14:4015 mins07/11/2025

You quickly get used to the good things. We’ve already grown accustomed to delegating important tasks to an invisible outsource — artificial intelligence. This raises a question: how ethical is it? The answer isn’t straightforward.

In testing, AI can automate many routine processes, create test scenarios, and find bugs. But if we stop double-checking the results ourselves, we risk missing important details that AI simply cannot understand. Is it ethical to shift responsibility onto algorithms, forgetting about the human who is supposed to analyze and make decisions? Not to mention fair compensation for labor.

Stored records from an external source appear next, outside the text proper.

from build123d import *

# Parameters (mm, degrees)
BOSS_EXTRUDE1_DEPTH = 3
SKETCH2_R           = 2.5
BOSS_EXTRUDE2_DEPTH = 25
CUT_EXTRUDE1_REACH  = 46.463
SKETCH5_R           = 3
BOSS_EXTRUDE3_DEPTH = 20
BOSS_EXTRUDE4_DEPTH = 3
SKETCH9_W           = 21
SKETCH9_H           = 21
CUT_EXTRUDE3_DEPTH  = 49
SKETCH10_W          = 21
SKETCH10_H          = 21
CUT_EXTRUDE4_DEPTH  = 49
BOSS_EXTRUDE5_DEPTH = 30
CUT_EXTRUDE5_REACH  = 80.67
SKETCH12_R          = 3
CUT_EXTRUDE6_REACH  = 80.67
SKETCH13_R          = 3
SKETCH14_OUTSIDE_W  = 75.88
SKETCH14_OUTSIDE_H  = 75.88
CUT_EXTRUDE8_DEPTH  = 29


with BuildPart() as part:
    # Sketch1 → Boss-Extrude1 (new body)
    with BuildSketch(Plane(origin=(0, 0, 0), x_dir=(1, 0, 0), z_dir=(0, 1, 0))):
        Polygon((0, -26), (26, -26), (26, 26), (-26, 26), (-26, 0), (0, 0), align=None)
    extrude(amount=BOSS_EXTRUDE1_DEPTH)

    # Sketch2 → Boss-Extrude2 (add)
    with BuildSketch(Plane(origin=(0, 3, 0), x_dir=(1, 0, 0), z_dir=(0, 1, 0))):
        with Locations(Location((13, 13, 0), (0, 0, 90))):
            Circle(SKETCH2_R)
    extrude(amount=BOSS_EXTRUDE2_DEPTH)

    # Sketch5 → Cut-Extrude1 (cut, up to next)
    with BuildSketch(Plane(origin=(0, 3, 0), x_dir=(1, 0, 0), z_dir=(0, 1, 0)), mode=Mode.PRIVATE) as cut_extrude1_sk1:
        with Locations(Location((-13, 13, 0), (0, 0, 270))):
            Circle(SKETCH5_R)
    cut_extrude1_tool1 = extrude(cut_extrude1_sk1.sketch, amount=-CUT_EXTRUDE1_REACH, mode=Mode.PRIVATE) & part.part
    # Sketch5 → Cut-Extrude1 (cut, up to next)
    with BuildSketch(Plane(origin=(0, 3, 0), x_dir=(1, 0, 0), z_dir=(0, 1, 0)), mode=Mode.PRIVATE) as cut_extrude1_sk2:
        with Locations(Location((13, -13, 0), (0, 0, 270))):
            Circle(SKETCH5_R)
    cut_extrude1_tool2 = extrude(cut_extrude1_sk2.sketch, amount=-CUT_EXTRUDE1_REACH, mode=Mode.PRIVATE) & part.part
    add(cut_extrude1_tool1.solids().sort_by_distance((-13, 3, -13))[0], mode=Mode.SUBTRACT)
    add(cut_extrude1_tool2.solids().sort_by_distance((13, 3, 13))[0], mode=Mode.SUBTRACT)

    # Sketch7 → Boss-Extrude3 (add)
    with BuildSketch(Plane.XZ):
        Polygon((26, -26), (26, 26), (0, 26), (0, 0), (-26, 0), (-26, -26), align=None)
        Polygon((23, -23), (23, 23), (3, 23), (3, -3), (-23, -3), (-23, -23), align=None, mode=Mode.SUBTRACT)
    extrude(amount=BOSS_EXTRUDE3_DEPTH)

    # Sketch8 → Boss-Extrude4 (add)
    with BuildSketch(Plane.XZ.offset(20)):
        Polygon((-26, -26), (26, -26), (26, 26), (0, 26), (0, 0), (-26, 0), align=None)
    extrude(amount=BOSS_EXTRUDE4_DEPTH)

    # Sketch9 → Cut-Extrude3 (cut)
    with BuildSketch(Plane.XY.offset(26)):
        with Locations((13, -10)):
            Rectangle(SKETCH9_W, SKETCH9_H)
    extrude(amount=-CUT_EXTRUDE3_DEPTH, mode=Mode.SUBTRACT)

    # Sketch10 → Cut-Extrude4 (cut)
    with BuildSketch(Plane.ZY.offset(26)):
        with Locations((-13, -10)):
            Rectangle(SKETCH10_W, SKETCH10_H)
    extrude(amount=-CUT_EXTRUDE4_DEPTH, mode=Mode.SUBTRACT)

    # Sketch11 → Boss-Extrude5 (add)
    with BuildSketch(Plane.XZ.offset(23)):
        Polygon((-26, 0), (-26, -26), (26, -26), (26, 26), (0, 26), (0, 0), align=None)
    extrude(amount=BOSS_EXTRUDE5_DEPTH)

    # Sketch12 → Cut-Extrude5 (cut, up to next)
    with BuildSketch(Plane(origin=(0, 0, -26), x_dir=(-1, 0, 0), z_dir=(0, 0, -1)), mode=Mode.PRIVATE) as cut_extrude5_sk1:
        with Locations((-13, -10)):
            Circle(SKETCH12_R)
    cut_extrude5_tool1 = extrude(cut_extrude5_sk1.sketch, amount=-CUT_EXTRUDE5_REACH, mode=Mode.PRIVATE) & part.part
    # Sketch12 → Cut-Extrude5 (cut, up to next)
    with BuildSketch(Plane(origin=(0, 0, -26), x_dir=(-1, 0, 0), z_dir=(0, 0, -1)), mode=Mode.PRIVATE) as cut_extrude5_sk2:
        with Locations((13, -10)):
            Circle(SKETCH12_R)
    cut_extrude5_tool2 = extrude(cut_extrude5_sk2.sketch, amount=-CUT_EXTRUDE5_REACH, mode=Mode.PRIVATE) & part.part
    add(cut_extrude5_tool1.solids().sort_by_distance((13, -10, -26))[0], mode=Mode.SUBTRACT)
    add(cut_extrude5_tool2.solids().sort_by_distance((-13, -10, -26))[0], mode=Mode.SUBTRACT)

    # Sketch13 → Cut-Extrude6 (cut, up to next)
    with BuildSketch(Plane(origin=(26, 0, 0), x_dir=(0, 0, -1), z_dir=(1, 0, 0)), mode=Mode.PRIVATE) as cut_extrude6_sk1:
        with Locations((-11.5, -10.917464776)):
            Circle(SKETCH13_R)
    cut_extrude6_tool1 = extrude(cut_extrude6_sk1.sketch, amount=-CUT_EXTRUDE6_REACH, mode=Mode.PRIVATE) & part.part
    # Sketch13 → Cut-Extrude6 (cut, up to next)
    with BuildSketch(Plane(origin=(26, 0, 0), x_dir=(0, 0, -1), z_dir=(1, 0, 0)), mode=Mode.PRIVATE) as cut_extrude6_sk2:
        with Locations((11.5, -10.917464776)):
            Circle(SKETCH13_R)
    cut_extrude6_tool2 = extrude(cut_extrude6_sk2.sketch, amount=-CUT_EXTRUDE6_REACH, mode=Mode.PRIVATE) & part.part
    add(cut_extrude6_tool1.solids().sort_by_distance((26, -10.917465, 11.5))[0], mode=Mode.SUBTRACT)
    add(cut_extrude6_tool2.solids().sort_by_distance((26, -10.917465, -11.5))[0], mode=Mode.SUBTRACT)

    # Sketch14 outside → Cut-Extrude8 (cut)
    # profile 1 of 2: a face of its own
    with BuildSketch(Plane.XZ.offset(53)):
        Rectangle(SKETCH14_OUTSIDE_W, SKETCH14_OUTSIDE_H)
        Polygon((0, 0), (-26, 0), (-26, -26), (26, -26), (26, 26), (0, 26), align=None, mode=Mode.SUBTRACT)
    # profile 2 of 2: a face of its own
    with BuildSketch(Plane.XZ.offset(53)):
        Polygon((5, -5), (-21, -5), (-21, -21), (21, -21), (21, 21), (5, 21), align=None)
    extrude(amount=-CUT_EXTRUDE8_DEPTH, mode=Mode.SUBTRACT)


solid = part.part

The same applies to accessibility — designing interfaces that are accessible to all users. AI can generate image descriptions or help adapt UI design, but it can’t truly feel what people with disabilities need. If we allow AI to handle this without additional review, we risk creating a product that is inaccessible to many. This, too, is a question of ethics.

Think of artificial intelligence like Woland from The Master and Margarita. Don’t ask him for anything directly — especially from those more powerful than you. He will offer and give everything himself. But then it’s up to you to figure out whether it was all done in good conscience, whether we used these capabilities ethically, and whether we remembered the people we are creating for.

In our talk, we’ll explore how to preserve human responsibility in the age of AI, why ethics is not just a set of rules but a conscious choice, and how testing and accessibility have become apostles of digital conscience — helping us make technology truly fair and accessible.